The principal told me I had to be sent home because my outfit had broken our school dress code and was too 'provocative.' I couldn't understand what he meant. I didn't see anything wrong with my outfit - it was really just jeans and a loose, patterned shirt. The jeans weren't even ripped, something that kids had gotten reprimanded for but never sent home over. I asked him what it was about my outfit that was too provocative, but he wouldn't answer and my mom was called to come and pick me up. When my principal filled her in she was livid. She couldn't understand why my outfit was coming under fire when no part of me was exposed. The principal, after much berating, finally told her that my shirt had exposed too much of my shoulder, in a way that could be considered inappropriate. I don't know why, but I can't remember what happened after this point in the conversation. I went home, changed, and came back to school, but I don't remember telling my friends about what had happened, or wearing the rest of my new trendy clothing. I was too embarrassed. To this day I spend a lot of time picking out my outfits. I worry more about my outfits now, but I think I'm worried for the wrong reasons.

~Anonymous

The story I want to tell

The story I want to tell

The story I want to tell is more of a statement of fatigue of what we're constantly seeing here. It's extremely disheartening that people in a place of extreme privilege are trying to take away so much from people they know nothing of their experiences - and if they do know, not taking the time to understand. It baffles me that men are trying to take away rights of women's bodies. There are so many stories of women (including my own) who didn't have a choice to make in an interpersonal situation and now there are being moves made to make it legal for us to not have a say in what happens inside of our bodies. This is a time when using your privilege is very important, any privileges you may have, this goes for everyone. So that if one person's privilege protects someone else that has a privilege that protects them, the outcome is beneficial for everyone, we must all work together.
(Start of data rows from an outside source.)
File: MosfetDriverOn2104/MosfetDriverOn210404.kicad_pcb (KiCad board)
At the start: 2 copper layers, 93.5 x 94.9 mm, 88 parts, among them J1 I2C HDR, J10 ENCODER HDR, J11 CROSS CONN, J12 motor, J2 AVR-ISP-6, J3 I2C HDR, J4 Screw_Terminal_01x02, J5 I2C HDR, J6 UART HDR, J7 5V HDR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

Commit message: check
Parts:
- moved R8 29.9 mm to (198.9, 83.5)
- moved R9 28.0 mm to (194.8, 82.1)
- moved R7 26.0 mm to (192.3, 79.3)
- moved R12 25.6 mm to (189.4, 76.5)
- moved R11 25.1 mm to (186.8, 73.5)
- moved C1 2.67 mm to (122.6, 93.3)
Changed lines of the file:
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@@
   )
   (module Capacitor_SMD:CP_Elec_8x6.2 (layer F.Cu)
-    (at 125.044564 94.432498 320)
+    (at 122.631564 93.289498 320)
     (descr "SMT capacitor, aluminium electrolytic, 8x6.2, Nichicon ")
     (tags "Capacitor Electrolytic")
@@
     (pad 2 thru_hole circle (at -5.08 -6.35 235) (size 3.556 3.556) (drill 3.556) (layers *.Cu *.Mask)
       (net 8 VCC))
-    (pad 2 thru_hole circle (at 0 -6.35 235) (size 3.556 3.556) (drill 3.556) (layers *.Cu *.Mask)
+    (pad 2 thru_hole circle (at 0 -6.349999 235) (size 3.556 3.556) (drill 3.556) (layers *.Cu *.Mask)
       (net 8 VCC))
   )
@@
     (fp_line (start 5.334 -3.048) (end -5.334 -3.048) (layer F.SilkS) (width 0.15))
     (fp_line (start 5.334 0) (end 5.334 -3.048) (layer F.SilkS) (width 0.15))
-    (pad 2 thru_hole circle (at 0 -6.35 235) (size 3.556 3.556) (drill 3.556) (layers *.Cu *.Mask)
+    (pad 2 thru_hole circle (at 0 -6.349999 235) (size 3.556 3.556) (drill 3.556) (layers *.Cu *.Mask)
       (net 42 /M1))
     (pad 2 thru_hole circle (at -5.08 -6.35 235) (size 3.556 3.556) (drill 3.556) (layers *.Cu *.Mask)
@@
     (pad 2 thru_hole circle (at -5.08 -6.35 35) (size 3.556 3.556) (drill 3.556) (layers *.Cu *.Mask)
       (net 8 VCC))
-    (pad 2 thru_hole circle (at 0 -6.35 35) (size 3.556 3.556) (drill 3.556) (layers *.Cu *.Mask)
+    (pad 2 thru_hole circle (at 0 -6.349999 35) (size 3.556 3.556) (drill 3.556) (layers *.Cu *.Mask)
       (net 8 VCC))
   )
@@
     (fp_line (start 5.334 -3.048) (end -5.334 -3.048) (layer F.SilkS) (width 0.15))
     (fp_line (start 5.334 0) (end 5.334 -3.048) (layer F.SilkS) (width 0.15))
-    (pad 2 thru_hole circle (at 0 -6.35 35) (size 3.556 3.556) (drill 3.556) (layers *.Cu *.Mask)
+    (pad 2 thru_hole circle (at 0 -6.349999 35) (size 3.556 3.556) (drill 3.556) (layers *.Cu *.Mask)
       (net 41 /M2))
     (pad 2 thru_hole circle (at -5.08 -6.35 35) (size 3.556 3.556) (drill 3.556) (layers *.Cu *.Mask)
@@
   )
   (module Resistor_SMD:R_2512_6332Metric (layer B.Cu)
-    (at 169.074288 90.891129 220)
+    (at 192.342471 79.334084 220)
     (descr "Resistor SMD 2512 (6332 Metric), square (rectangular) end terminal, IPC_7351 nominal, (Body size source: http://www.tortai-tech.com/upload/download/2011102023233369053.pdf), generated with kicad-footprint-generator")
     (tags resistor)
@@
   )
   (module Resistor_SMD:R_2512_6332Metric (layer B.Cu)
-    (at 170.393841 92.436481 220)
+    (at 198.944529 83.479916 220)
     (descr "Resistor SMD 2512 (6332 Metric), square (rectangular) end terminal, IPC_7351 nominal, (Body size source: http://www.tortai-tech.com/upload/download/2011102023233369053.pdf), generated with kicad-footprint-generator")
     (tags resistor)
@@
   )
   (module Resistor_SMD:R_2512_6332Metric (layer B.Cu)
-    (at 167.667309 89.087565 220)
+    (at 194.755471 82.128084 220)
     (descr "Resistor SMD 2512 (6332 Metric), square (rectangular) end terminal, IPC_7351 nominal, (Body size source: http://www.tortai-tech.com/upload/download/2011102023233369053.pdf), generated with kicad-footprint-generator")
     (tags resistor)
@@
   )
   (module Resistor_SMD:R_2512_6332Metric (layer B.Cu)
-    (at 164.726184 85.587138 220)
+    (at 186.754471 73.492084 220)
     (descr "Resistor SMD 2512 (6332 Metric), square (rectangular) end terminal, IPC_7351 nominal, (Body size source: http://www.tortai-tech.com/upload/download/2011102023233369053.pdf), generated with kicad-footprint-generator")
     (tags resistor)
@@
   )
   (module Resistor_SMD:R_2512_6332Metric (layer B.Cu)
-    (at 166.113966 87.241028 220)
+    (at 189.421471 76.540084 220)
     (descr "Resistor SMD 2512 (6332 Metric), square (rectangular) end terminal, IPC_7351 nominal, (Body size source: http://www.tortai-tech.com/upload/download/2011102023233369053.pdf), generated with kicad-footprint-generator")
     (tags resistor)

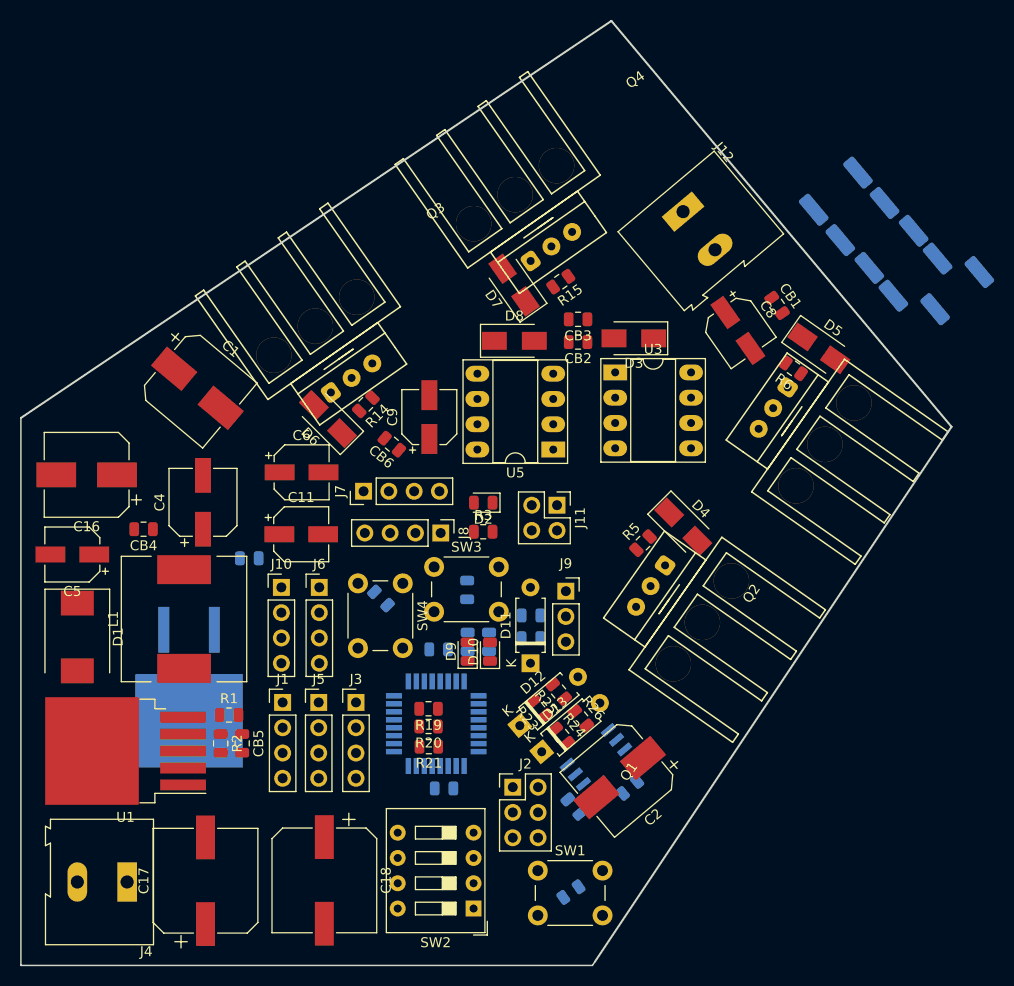
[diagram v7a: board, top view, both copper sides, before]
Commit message: longest diagonals for pcb: 89mm on y axis and 84mm on x axis
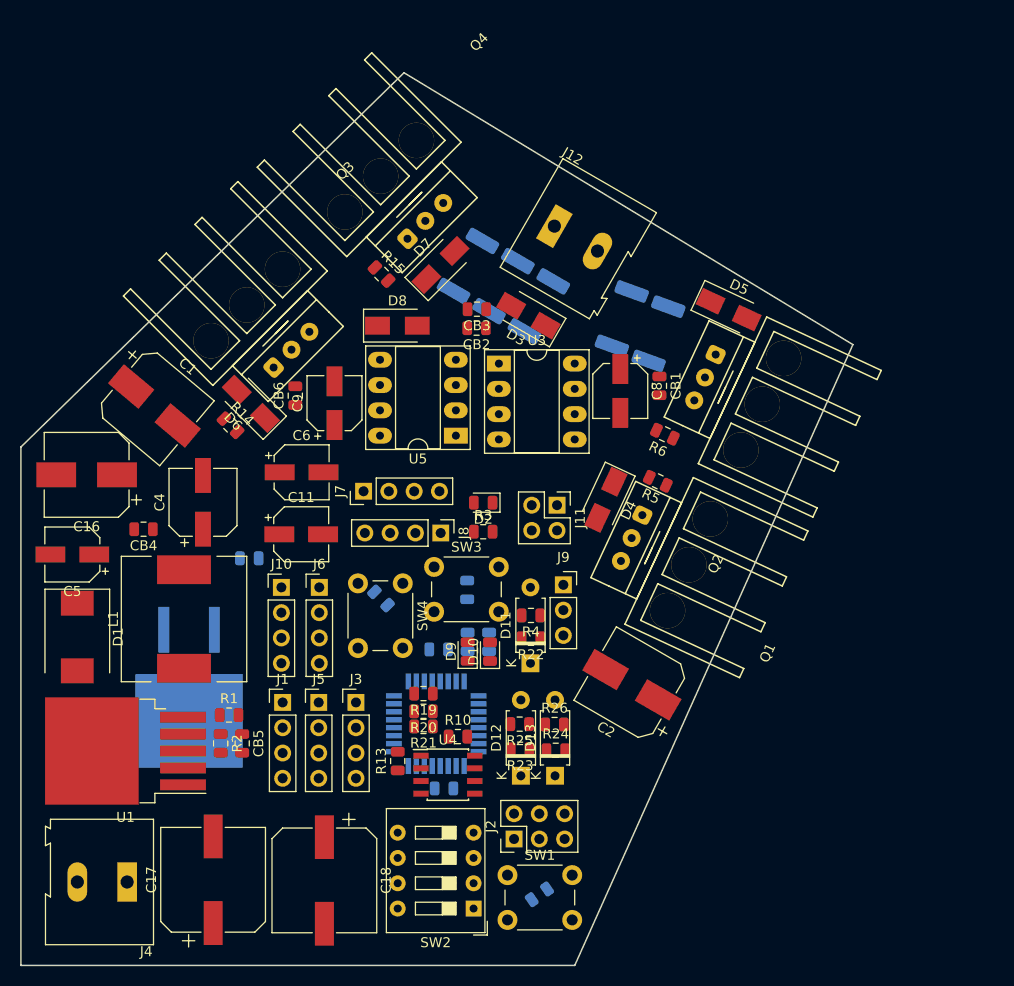
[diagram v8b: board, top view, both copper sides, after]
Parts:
- R10, R13, R22, R4, U4: moved to F.Cu
- moved R11 37.7 mm to (149.8, 81.0), turned to 240 degrees
- moved R12 36.6 mm to (153.4, 83.0), turned to 240 degrees
- moved R7 35.9 mm to (156.9, 85.1), turned to 240 degrees
- moved R8 30.3 mm to (168.9, 87.8), turned to 250 degrees
- moved R9 29.8 mm to (165.3, 86.3), turned to 250 degrees
- moved R13 18.3 mm to (142.7, 130.7), turned to 90 degrees
- moved R10 18.0 mm to (148.8, 128.3), turned to 0 degrees
- moved R15 18.0 mm to (141.1, 81.8), turned to 315 degrees
- moved U4 15.3 mm to (147.8, 132.1), turned to 0 degrees
- moved R6 14.5 mm to (169.6, 97.9), turned to 155 degrees
- moved CB1 14.3 mm to (169.0, 93.0), turned to 270 degrees
- moved R14 13.8 mm to (126.0, 97.0), turned to 315 degrees
- moved C8 13.3 mm to (165.1, 93.6), turned to 270 degrees
- moved J12 13.0 mm to (158.5, 77.0), turned to 330 degrees
- moved Q4 12.9 mm to (145.5, 76.5), turned to 45 degrees
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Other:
- board size 93.5 x 94.9 mm -> 83.6 x 89.7 mm

With this fatigue, there has been great space for growth and education. In the face of an oppressor we must stand up. It's a shame that so many experiences women endure are so stigmatized, but in this time of "upheaval" it seems that an uprising of activism has taken place so an abundance of people are speaking out against those stigmas which has made me grow and develop as a person and a woman, and I hope to continue to work at this. By learning about the world around me, I have learned a lot about myself.

~ Gianna Boveri

I used to do this stupid thing

I used to do this stupid thing

I used to do this stupid thing when I was in middle school. I would write the names of people I didn't like on little slips of paper and put them in a jar and fill it with water. Then I would put the lid back on and shake the jar up until I was sure the paper was in little bits. It was a way to just release my anger without hurting anyone. Like when my friend since elementary school made out with my crush in ninth grade. I put her name on a piece of paper and put it in that jar and shook it instead of yelling at her. I stayed friends with her until we graduated and eventually lost touch. In a lot of ways, I blame my docile personality on doing that jar thing. I never felt the need to confront people when I could just put their name in a jar, fill it with water, and shake it until I felt better. I got walked on a lot in college. I stayed with a guy for three years even though he would yell at me for no reason and cheat on me because I never developed that backbone most kids do in high school. I did that jar thing until my junior year of college when I realized it wasn't helping me. Senior year, I started to confront people more and started saying 'no' more. Isn't it such a beautiful word? 'No'. I love it! 'No'! Welp, now I know about standing up for myself to some degree. Got rid of that shitty boyfriend and I'm taking my time discovering this new me that has a spine. I think I like her. I'm gonna try to keep her.